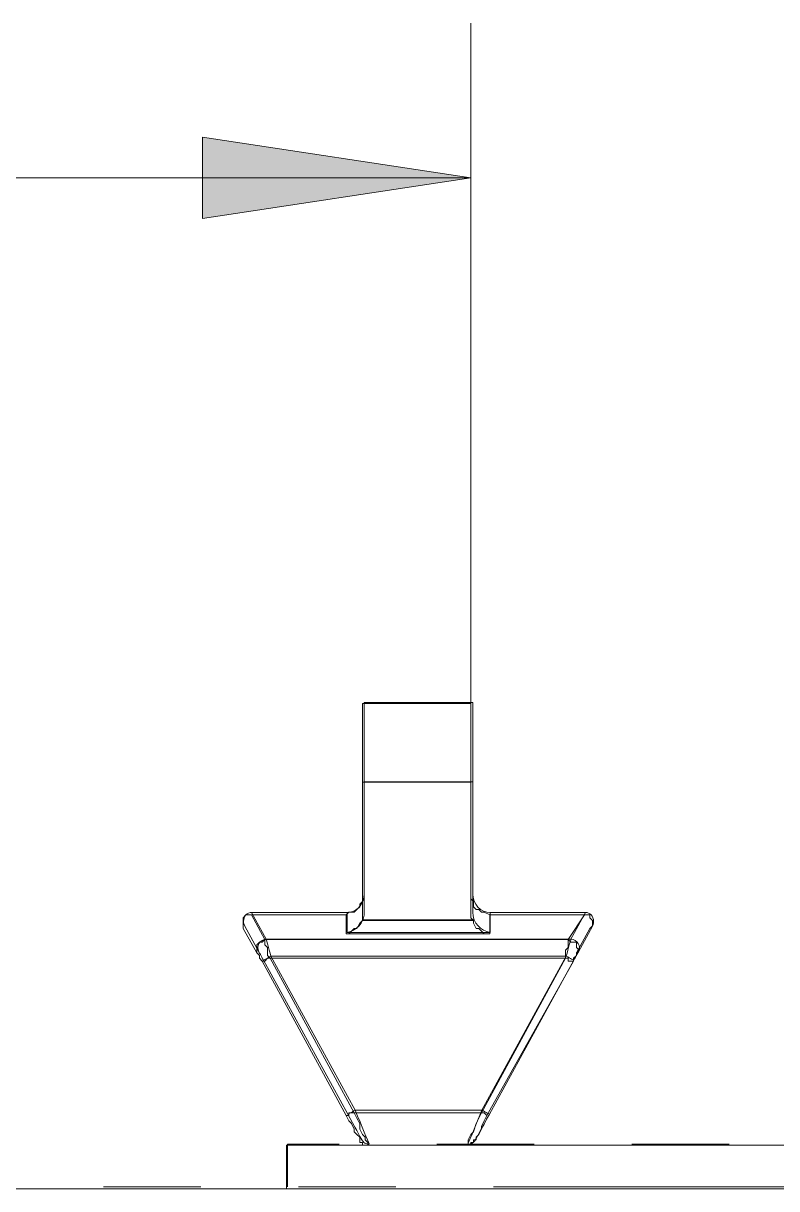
# Model space of a CAD drawing. Header units: millimetres. Extents: x 3 to 592, y 5 to 207.
# Drawn here: x 109.14 to 118.96, y 84.81 to 99.98 of the extents above; entities that cross this region are included whole.
import ezdxf

# ---------------------------------------------------------------- set-up
doc = ezdxf.new("R2010")
doc.units = ezdxf.units.MM

msp = doc.modelspace()

# ---------------------------------------------------------------- hatches: boundary and pattern name
h = msp.add_hatch(color=7)
h.paths.add_polyline_path([(71.049444, 97.966389), (74.577222, 98.495556), (74.577222, 97.437222)])
h.paths.add_polyline_path([(114.970278, 97.966389), (111.477778, 97.437222), (111.477778, 98.495556)])

# ---------------------------------------------------------------- linework, layer by layer
at = {"color": 7, "lineweight": 0}
for points in [[(114.970278, 90.099444), (114.970278, 99.977222)], [(71.049444, 97.966389), (114.970278, 97.966389)], [(114.970278, 91.1225), (113.559167, 91.1225)], [(113.559167, 91.1225), (113.559167, 91.087222), (113.559167, 91.016667), (113.559167, 90.946111), (113.559167, 90.875556), (113.559167, 90.769722), (113.559167, 90.663889), (113.559167, 90.522778), (113.559167, 90.381667), (113.559167, 90.240556), (113.559167, 90.099444)], [(114.999135, 91.135129), (113.582379, 91.135129)], [(114.999135, 91.135129), (113.582379, 91.135129)], [(114.999135, 91.135129), (113.582379, 91.135129)], [(114.999135, 91.135129), (113.582379, 91.135129)], [(114.999135, 91.135129), (113.582379, 91.135129)], [(114.999135, 91.135129), (113.582379, 91.135129)], [(114.999135, 91.135129), (113.582379, 91.135129)], [(114.999135, 91.135129), (113.582379, 91.135129)], [(113.58245, 91.135129), (113.58245, 91.095971), (113.58245, 91.047641), (113.58245, 90.980613), (113.58245, 90.896299), (113.58245, 90.795757), (113.58245, 90.680399), (113.58245, 90.551988), (113.58245, 90.411935), (113.58245, 90.262357), (113.58245, 90.105724)], [(113.58245, 91.135129), (113.58245, 91.095971), (113.58245, 91.047641), (113.58245, 90.980613), (113.58245, 90.896299), (113.58245, 90.795757), (113.58245, 90.680399), (113.58245, 90.551988), (113.58245, 90.411935), (113.58245, 90.262357), (113.58245, 90.105724)], [(113.58245, 91.135129), (113.58245, 91.095971), (113.58245, 91.047641), (113.58245, 90.980613), (113.58245, 90.896299), (113.58245, 90.795757), (113.58245, 90.680399), (113.58245, 90.551988), (113.58245, 90.411935), (113.58245, 90.262357), (113.58245, 90.105724)], [(113.58245, 91.135129), (113.58245, 91.095971), (113.58245, 91.047641), (113.58245, 90.980613), (113.58245, 90.896299), (113.58245, 90.795757), (113.58245, 90.680399), (113.58245, 90.551988), (113.58245, 90.411935), (113.58245, 90.262357), (113.58245, 90.105724)], [(113.58245, 91.135129), (113.58245, 91.095971), (113.58245, 91.047641), (113.58245, 90.980613), (113.58245, 90.896299), (113.58245, 90.795757), (113.58245, 90.680399), (113.58245, 90.551988), (113.58245, 90.411935), (113.58245, 90.262357), (113.58245, 90.105724)], [(113.58245, 91.135129), (113.58245, 91.095971), (113.58245, 91.047641), (113.58245, 90.980613), (113.58245, 90.896299), (113.58245, 90.795757), (113.58245, 90.680399), (113.58245, 90.551988), (113.58245, 90.411935), (113.58245, 90.262357), (113.58245, 90.105724)], [(113.58245, 91.135129), (113.58245, 91.095971), (113.58245, 91.047641), (113.58245, 90.980613), (113.58245, 90.896299), (113.58245, 90.795757), (113.58245, 90.680399), (113.58245, 90.551988), (113.58245, 90.411935), (113.58245, 90.262357), (113.58245, 90.105724)], [(113.58245, 91.135129), (113.58245, 91.095971), (113.58245, 91.047641), (113.58245, 90.980613), (113.58245, 90.896299), (113.58245, 90.795757), (113.58245, 90.680399), (113.58245, 90.551988), (113.58245, 90.411935), (113.58245, 90.262357), (113.58245, 90.105724)], [(114.970278, 91.1225), (114.970278, 91.087222), (114.970278, 91.016667), (114.970278, 90.946111), (114.970278, 90.875556), (114.970278, 90.769722), (114.970278, 90.663889), (114.970278, 90.522778), (114.970278, 90.381667), (114.970278, 90.240556), (114.970278, 90.099444)], [(114.999135, 91.135129), (114.999135, 91.095971), (114.999135, 91.047641), (114.999135, 90.980613), (114.999135, 90.896299), (114.999135, 90.795757), (114.999135, 90.680399), (114.999135, 90.551988), (114.999135, 90.411935), (114.999135, 90.262357), (114.999135, 90.105724)], [(114.999135, 91.135129), (114.999135, 91.095971), (114.999135, 91.047641), (114.999135, 90.980613), (114.999135, 90.896299), (114.999135, 90.795757), (114.999135, 90.680399), (114.999135, 90.551988), (114.999135, 90.411935), (114.999135, 90.262357), (114.999135, 90.105724)], [(114.999135, 91.135129), (114.999135, 91.095971), (114.999135, 91.047641), (114.999135, 90.980613), (114.999135, 90.896299), (114.999135, 90.795757), (114.999135, 90.680399), (114.999135, 90.551988), (114.999135, 90.411935), (114.999135, 90.262357), (114.999135, 90.105724)], [(114.999135, 91.135129), (114.999135, 91.095971), (114.999135, 91.047641), (114.999135, 90.980613), (114.999135, 90.896299), (114.999135, 90.795757), (114.999135, 90.680399), (114.999135, 90.551988), (114.999135, 90.411935), (114.999135, 90.262357), (114.999135, 90.105724)], [(114.999135, 91.135129), (114.999135, 91.095971), (114.999135, 91.047641), (114.999135, 90.980613), (114.999135, 90.896299), (114.999135, 90.795757), (114.999135, 90.680399), (114.999135, 90.551988), (114.999135, 90.411935), (114.999135, 90.262357), (114.999135, 90.105724)], [(114.999135, 91.135129), (114.999135, 91.095971), (114.999135, 91.047641), (114.999135, 90.980613), (114.999135, 90.896299), (114.999135, 90.795757), (114.999135, 90.680399), (114.999135, 90.551988), (114.999135, 90.411935), (114.999135, 90.262357), (114.999135, 90.105724)], [(114.999135, 91.135129), (114.999135, 91.095971), (114.999135, 91.047641), (114.999135, 90.980613), (114.999135, 90.896299), (114.999135, 90.795757), (114.999135, 90.680399), (114.999135, 90.551988), (114.999135, 90.411935), (114.999135, 90.262357), (114.999135, 90.105724)], [(114.999135, 91.135129), (114.999135, 91.095971), (114.999135, 91.047641), (114.999135, 90.980613), (114.999135, 90.896299), (114.999135, 90.795757), (114.999135, 90.680399), (114.999135, 90.551988), (114.999135, 90.411935), (114.999135, 90.262357), (114.999135, 90.105724)], [(113.559167, 90.099444), (113.559167, 88.370833)], [(114.970278, 90.099444), (113.559167, 90.099444)], [(114.999135, 90.105689), (113.582379, 90.105689)], [(114.999135, 90.105689), (113.582379, 90.105689)], [(114.999135, 90.105689), (113.582379, 90.105689)], [(114.999135, 90.105689), (113.582379, 90.105689)], [(114.999135, 90.105689), (113.582379, 90.105689)], [(114.999135, 90.105689), (113.582379, 90.105689)], [(114.999135, 90.105689), (113.582379, 90.105689)], [(114.999135, 90.105689), (113.582379, 90.105689)], [(113.58245, 90.105689), (113.58245, 88.397186)], [(113.58245, 90.105689), (113.58245, 88.397186)], [(113.58245, 90.105689), (113.58245, 88.397186)], [(113.58245, 90.105689), (113.58245, 88.397186)], [(113.58245, 90.105689), (113.58245, 88.397186)], [(113.58245, 90.105689), (113.58245, 88.397186)], [(113.58245, 90.105689), (113.58245, 88.397186)], [(113.58245, 90.105689), (113.58245, 88.397186)], [(114.970278, 90.099444), (114.970278, 88.370833)], [(114.999135, 90.105689), (114.999135, 88.397186)], [(114.999135, 90.105689), (114.999135, 88.397186)], [(114.999135, 90.105689), (114.999135, 88.397186)], [(114.999135, 90.105689), (114.999135, 88.397186)], [(114.999135, 90.105689), (114.999135, 88.397186)], [(114.999135, 90.105689), (114.999135, 88.397186)], [(114.999135, 90.105689), (114.999135, 88.397186)], [(114.999135, 90.105689), (114.999135, 88.397186)], [(113.3475, 88.370833), (113.382778, 88.406111), (113.418056, 88.406111), (113.453333, 88.406111), (113.488611, 88.441389), (113.523889, 88.476667), (113.523889, 88.511944), (113.559167, 88.547222), (113.559167, 88.5825), (113.559167, 88.617778)], [(113.360235, 88.403077), (113.398688, 88.406605), (113.436083, 88.417541), (113.47136, 88.43518), (113.50311, 88.459169), (113.530627, 88.488802), (113.552852, 88.523022), (113.56908, 88.561122), (113.578957, 88.601691), (113.582485, 88.643319)], [(113.360235, 88.403077), (113.398688, 88.406605), (113.436083, 88.417541), (113.47136, 88.43518), (113.50311, 88.459169), (113.530627, 88.488802), (113.552852, 88.523022), (113.56908, 88.561122), (113.578957, 88.601691), (113.582485, 88.643319)], [(113.360235, 88.403077), (113.398688, 88.406605), (113.436083, 88.417541), (113.47136, 88.43518), (113.50311, 88.459169), (113.530627, 88.488802), (113.552852, 88.523022), (113.56908, 88.561122), (113.578957, 88.601691), (113.582485, 88.643319)], [(113.360235, 88.403077), (113.398688, 88.406605), (113.436083, 88.417541), (113.47136, 88.43518), (113.50311, 88.459169), (113.530627, 88.488802), (113.552852, 88.523022), (113.56908, 88.561122), (113.578957, 88.601691), (113.582485, 88.643319)], [(113.360235, 88.403077), (113.398688, 88.406605), (113.436083, 88.417541), (113.47136, 88.43518), (113.50311, 88.459169), (113.530627, 88.488802), (113.552852, 88.523022), (113.56908, 88.561122), (113.578957, 88.601691), (113.582485, 88.643319)], [(113.360235, 88.403077), (113.398688, 88.406605), (113.436083, 88.417541), (113.47136, 88.43518), (113.50311, 88.459169), (113.530627, 88.488802), (113.552852, 88.523022), (113.56908, 88.561122), (113.578957, 88.601691), (113.582485, 88.643319)], [(113.360235, 88.403077), (113.398688, 88.406605), (113.436083, 88.417541), (113.47136, 88.43518), (113.50311, 88.459169), (113.530627, 88.488802), (113.552852, 88.523022), (113.56908, 88.561122), (113.578957, 88.601691), (113.582485, 88.643319)], [(113.360235, 88.403077), (113.398688, 88.406605), (113.436083, 88.417541), (113.47136, 88.43518), (113.50311, 88.459169), (113.530627, 88.488802), (113.552852, 88.523022), (113.56908, 88.561122), (113.578957, 88.601691), (113.582485, 88.643319)], [(114.970278, 88.617778), (114.970278, 88.5825), (115.005556, 88.547222), (115.005556, 88.476667), (115.040833, 88.441389), (115.076111, 88.441389), (115.111389, 88.406111), (115.146667, 88.406111), (115.217222, 88.370833)], [(114.999135, 88.643213), (115.003368, 88.596294), (115.016068, 88.551491), (115.036529, 88.509863), (115.064399, 88.473527), (115.097913, 88.443541), (115.136366, 88.421316), (115.177993, 88.407557), (115.221385, 88.402971)], [(114.999135, 88.643213), (115.003368, 88.596294), (115.016068, 88.551491), (115.036529, 88.509863), (115.064399, 88.473527), (115.097913, 88.443541), (115.136366, 88.421316), (115.177993, 88.407557), (115.221385, 88.402971)], [(114.999135, 88.643213), (115.003368, 88.596294), (115.016068, 88.551491), (115.036529, 88.509863), (115.064399, 88.473527), (115.097913, 88.443541), (115.136366, 88.421316), (115.177993, 88.407557), (115.221385, 88.402971)], [(114.999135, 88.643213), (115.003368, 88.596294), (115.016068, 88.551491), (115.036529, 88.509863), (115.064399, 88.473527), (115.097913, 88.443541), (115.136366, 88.421316), (115.177993, 88.407557), (115.221385, 88.402971)], [(114.999135, 88.643213), (115.003368, 88.596294), (115.016068, 88.551491), (115.036529, 88.509863), (115.064399, 88.473527), (115.097913, 88.443541), (115.136366, 88.421316), (115.177993, 88.407557), (115.221385, 88.402971)], [(114.999135, 88.643213), (115.003368, 88.596294), (115.016068, 88.551491), (115.036529, 88.509863), (115.064399, 88.473527), (115.097913, 88.443541), (115.136366, 88.421316), (115.177993, 88.407557), (115.221385, 88.402971)], [(114.999135, 88.643213), (115.003368, 88.596294), (115.016068, 88.551491), (115.036529, 88.509863), (115.064399, 88.473527), (115.097913, 88.443541), (115.136366, 88.421316), (115.177993, 88.407557), (115.221385, 88.402971)], [(114.999135, 88.643213), (115.003368, 88.596294), (115.016068, 88.551491), (115.036529, 88.509863), (115.064399, 88.473527), (115.097913, 88.443541), (115.136366, 88.421316), (115.177993, 88.407557), (115.221385, 88.402971)], [(112.006944, 88.194444), (112.006944, 88.229722), (112.006944, 88.265), (112.006944, 88.300278), (112.006944, 88.335556), (112.042222, 88.370833), (112.0775, 88.370833), (112.112778, 88.370833)], [(112.026771, 88.225877), (112.017598, 88.246691), (112.012307, 88.268563), (112.010543, 88.291141), (112.013012, 88.313366), (112.019009, 88.334532), (112.028887, 88.353935), (112.04194, 88.370869), (112.057815, 88.384627), (112.076159, 88.394858), (112.095915, 88.400855), (112.116729, 88.402971)], [(112.026771, 88.225877), (112.017598, 88.246691), (112.012307, 88.268563), (112.010543, 88.291141), (112.013012, 88.313366), (112.019009, 88.334532), (112.028887, 88.353935), (112.04194, 88.370869), (112.057815, 88.384627), (112.076159, 88.394858), (112.095915, 88.400855), (112.116729, 88.402971)], [(112.026771, 88.225877), (112.017598, 88.246691), (112.012307, 88.268563), (112.010543, 88.291141), (112.013012, 88.313366), (112.019009, 88.334532), (112.028887, 88.353935), (112.04194, 88.370869), (112.057815, 88.384627), (112.076159, 88.394858), (112.095915, 88.400855), (112.116729, 88.402971)], [(112.026771, 88.225877), (112.017598, 88.246691), (112.012307, 88.268563), (112.010543, 88.291141), (112.013012, 88.313366), (112.019009, 88.334532), (112.028887, 88.353935), (112.04194, 88.370869), (112.057815, 88.384627), (112.076159, 88.394858), (112.095915, 88.400855), (112.116729, 88.402971)], [(112.026771, 88.225877), (112.017598, 88.246691), (112.012307, 88.268563), (112.010543, 88.291141), (112.013012, 88.313366), (112.019009, 88.334532), (112.028887, 88.353935), (112.04194, 88.370869), (112.057815, 88.384627), (112.076159, 88.394858), (112.095915, 88.400855), (112.116729, 88.402971)], [(112.026771, 88.225877), (112.017598, 88.246691), (112.012307, 88.268563), (112.010543, 88.291141), (112.013012, 88.313366), (112.019009, 88.334532), (112.028887, 88.353935), (112.04194, 88.370869), (112.057815, 88.384627), (112.076159, 88.394858), (112.095915, 88.400855), (112.116729, 88.402971)], [(112.026771, 88.225877), (112.017598, 88.246691), (112.012307, 88.268563), (112.010543, 88.291141), (112.013012, 88.313366), (112.019009, 88.334532), (112.028887, 88.353935), (112.04194, 88.370869), (112.057815, 88.384627), (112.076159, 88.394858), (112.095915, 88.400855), (112.116729, 88.402971)], [(112.026771, 88.225877), (112.017598, 88.246691), (112.012307, 88.268563), (112.010543, 88.291141), (112.013012, 88.313366), (112.019009, 88.334532), (112.028887, 88.353935), (112.04194, 88.370869), (112.057815, 88.384627), (112.076159, 88.394858), (112.095915, 88.400855), (112.116729, 88.402971)], [(112.112778, 88.370833), (112.289167, 88.053333)], [(113.3475, 88.370833), (112.112778, 88.370833)], [(112.116623, 88.403077), (112.307476, 88.054886)], [(112.116623, 88.403077), (112.307476, 88.054886)], [(112.116623, 88.403077), (112.307476, 88.054886)], [(112.116623, 88.403077), (112.307476, 88.054886)], [(112.116623, 88.403077), (112.307476, 88.054886)], [(112.116623, 88.403077), (112.307476, 88.054886)], [(112.116623, 88.403077), (112.307476, 88.054886)], [(112.116623, 88.403077), (112.307476, 88.054886)], [(113.360235, 88.403077), (112.116694, 88.403077)], [(113.360235, 88.403077), (112.116694, 88.403077)], [(113.360235, 88.403077), (112.116694, 88.403077)], [(113.360235, 88.403077), (112.116694, 88.403077)], [(113.360235, 88.403077), (112.116694, 88.403077)], [(113.360235, 88.403077), (112.116694, 88.403077)], [(113.360235, 88.403077), (112.116694, 88.403077)], [(113.360235, 88.403077), (112.116694, 88.403077)], [(113.3475, 88.123889), (113.3475, 88.370833)], [(113.3475, 88.123889), (113.382778, 88.123889), (113.418056, 88.159167), (113.453333, 88.194444), (113.488611, 88.194444), (113.523889, 88.265), (113.559167, 88.300278)], [(113.360235, 88.143503), (113.360235, 88.403148)], [(113.360235, 88.143503), (113.360235, 88.403148)], [(113.360235, 88.143503), (113.360235, 88.403148)], [(113.360235, 88.143503), (113.360235, 88.403148)], [(113.360235, 88.143503), (113.360235, 88.403148)], [(113.360235, 88.143503), (113.360235, 88.403148)], [(113.360235, 88.143503), (113.360235, 88.403148)], [(113.360235, 88.143503), (113.360235, 88.403148)], [(113.360235, 88.143503), (113.403274, 88.153734), (113.444549, 88.171726), (113.483002, 88.197126), (113.516516, 88.228876), (113.544032, 88.265564), (113.564846, 88.306134)], [(113.360235, 88.143503), (113.403274, 88.153734), (113.444549, 88.171726), (113.483002, 88.197126), (113.516516, 88.228876), (113.544032, 88.265564), (113.564846, 88.306134)], [(113.360235, 88.143503), (113.403274, 88.153734), (113.444549, 88.171726), (113.483002, 88.197126), (113.516516, 88.228876), (113.544032, 88.265564), (113.564846, 88.306134)], [(113.360235, 88.143503), (113.403274, 88.153734), (113.444549, 88.171726), (113.483002, 88.197126), (113.516516, 88.228876), (113.544032, 88.265564), (113.564846, 88.306134)], [(113.360235, 88.143503), (113.403274, 88.153734), (113.444549, 88.171726), (113.483002, 88.197126), (113.516516, 88.228876), (113.544032, 88.265564), (113.564846, 88.306134)], [(113.360235, 88.143503), (113.403274, 88.153734), (113.444549, 88.171726), (113.483002, 88.197126), (113.516516, 88.228876), (113.544032, 88.265564), (113.564846, 88.306134)], [(113.360235, 88.143503), (113.403274, 88.153734), (113.444549, 88.171726), (113.483002, 88.197126), (113.516516, 88.228876), (113.544032, 88.265564), (113.564846, 88.306134)], [(113.360235, 88.143503), (113.403274, 88.153734), (113.444549, 88.171726), (113.483002, 88.197126), (113.516516, 88.228876), (113.544032, 88.265564), (113.564846, 88.306134)], [(113.559167, 88.370833), (113.559167, 88.335556), (113.559167, 88.300278)], [(113.559167, 88.300278), (115.005556, 88.300278)], [(113.564776, 88.306028), (115.016809, 88.306028)], [(113.564776, 88.306028), (115.016809, 88.306028)], [(113.564776, 88.306028), (115.016809, 88.306028)], [(113.564776, 88.306028), (115.016809, 88.306028)], [(113.564776, 88.306028), (115.016809, 88.306028)], [(113.564776, 88.306028), (115.016809, 88.306028)], [(113.564776, 88.306028), (115.016809, 88.306028)], [(113.564776, 88.306028), (115.016809, 88.306028)], [(113.58245, 88.397151), (113.580333, 88.366106), (113.574689, 88.335414), (113.564811, 88.306134)], [(113.58245, 88.397151), (113.580333, 88.366106), (113.574689, 88.335414), (113.564811, 88.306134)], [(113.58245, 88.397151), (113.580333, 88.366106), (113.574689, 88.335414), (113.564811, 88.306134)], [(113.58245, 88.397151), (113.580333, 88.366106), (113.574689, 88.335414), (113.564811, 88.306134)], [(113.58245, 88.397151), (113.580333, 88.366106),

◆ ◆ ◆ ◆ ◆ ◆ ◆

> _WHAT THE TASK REQUIRES_: In the answer, include exactly the lines from the top of the entries through the line containing "import ezdxf", and nothing else, not even the pictures.

> _RESULT_:
# Model space of a CAD drawing. Header units: millimetres. Extents: x 3 to 592, y 5 to 207.
# Drawn here: x 109.14 to 118.96, y 84.81 to 99.98 of the extents above; entities that cross this region are included whole.
import ezdxf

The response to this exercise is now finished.